[Records from a collection]
▬▬▬
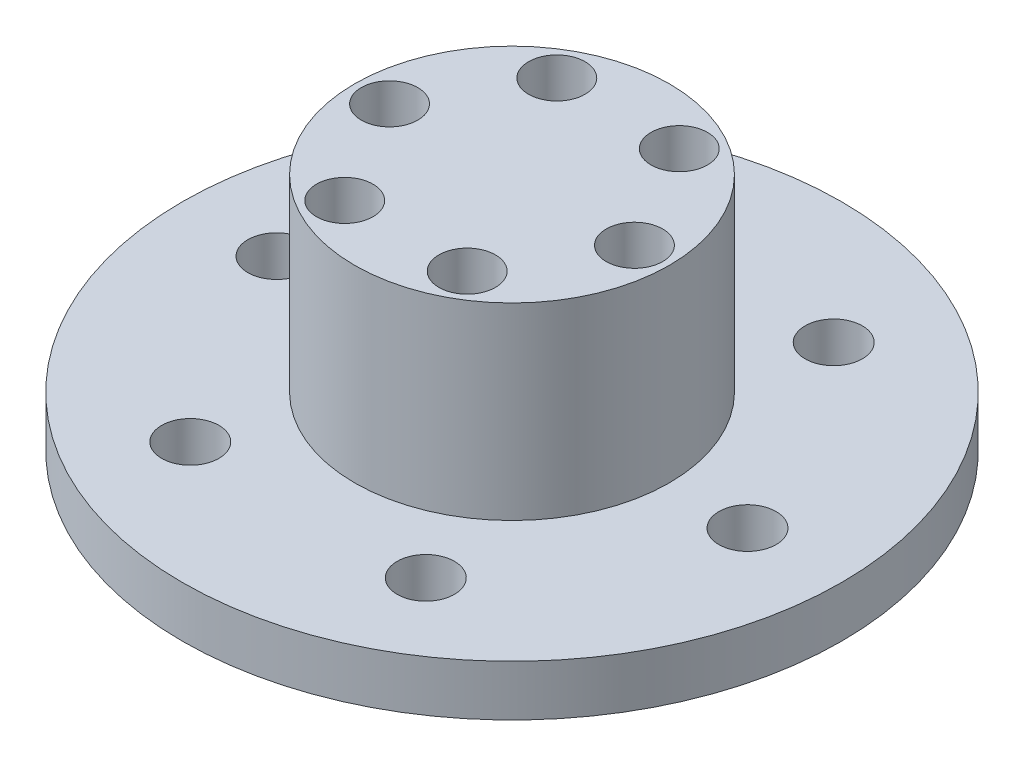
from build123d import *

# Parameters (mm, degrees)
CROQUIS1_R              = 17.5
CROQUIS1_R_2            = 1.52
SALIENTE_EXTRUIR1_DEPTH = 2.7
CROQUIS2_R              = 8.35
CROQUIS2_R_2            = 1.5
SALIENTE_EXTRUIR2_DEPTH = 10


with BuildPart() as part:
    # Croquis1 → Saliente-Extruir1 (new body)
    with BuildSketch(Plane(origin=(0, 0, 0), x_dir=(1, 0, 0), z_dir=(0, 1, 0))):
        with Locations(Location((0, 0, 0), (0, 0, 90))):
            Circle(CROQUIS1_R)
        with Locations(Location((12.5, 0, 0), (0, 0, 90))):
            Circle(CROQUIS1_R_2, mode=Mode.SUBTRACT)
        with Locations(Location((6.25, -10.825317547, 0), (0, 0, 90))):
            Circle(CROQUIS1_R_2, mode=Mode.SUBTRACT)
        with Locations(Location((-6.25, -10.825317547, 0), (0, 0, 90))):
            Circle(CROQUIS1_R_2, mode=Mode.SUBTRACT)
        with Locations(Location((-12.5, 0, 0), (0, 0, 90))):
            Circle(CROQUIS1_R_2, mode=Mode.SUBTRACT)
        with Locations(Location((-6.25, 10.825317547, 0), (0, 0, 90))):
            Circle(CROQUIS1_R_2, mode=Mode.SUBTRACT)
        with Locations(Location((6.25, 10.825317547, 0), (0, 0, 90))):
            Circle(CROQUIS1_R_2, mode=Mode.SUBTRACT)
    extrude(amount=SALIENTE_EXTRUIR1_DEPTH)

    # Croquis2 → Saliente-Extruir2 (add)
    with BuildSketch(Plane(origin=(0, 2.7, 0), x_dir=(1, 0, 0), z_dir=(0, 1, 0))):
        with Locations(Location((0, 0, 0), (0, 0, 270))):
            Circle(CROQUIS2_R)
        with Locations(Location((6.5, 0, 0), (0, 0, 270))):
            Circle(CROQUIS2_R_2, mode=Mode.SUBTRACT)
        with Locations(Location((3.25, -5.629165125, 0), (0, 0, 270))):
            Circle(CROQUIS2_R_2, mode=Mode.SUBTRACT)
        with Locations(Location((-3.25, -5.629165125, 0), (0, 0, 270))):
            Circle(CROQUIS2_R_2, mode=Mode.SUBTRACT)
        with Locations(Location((-6.5, 0, 0), (0, 0, 270))):
            Circle(CROQUIS2_R_2, mode=Mode.SUBTRACT)
        with Locations(Location((-3.25, 5.629165125, 0), (0, 0, 270))):
            Circle(CROQUIS2_R_2, mode=Mode.SUBTRACT)
        with Locations(Location((3.25, 5.629165125, 0), (0, 0, 270))):
            Circle(CROQUIS2_R_2, mode=Mode.SUBTRACT)
    extrude(amount=SALIENTE_EXTRUIR2_DEPTH)


solid = part.part
▬▬▬
Among the lines of the data, find every one that holds "extrude" and copy it.

RESPONSE AREA ▸
    extrude(amount=SALIENTE_EXTRUIR1_DEPTH)
    extrude(amount=SALIENTE_EXTRUIR2_DEPTH)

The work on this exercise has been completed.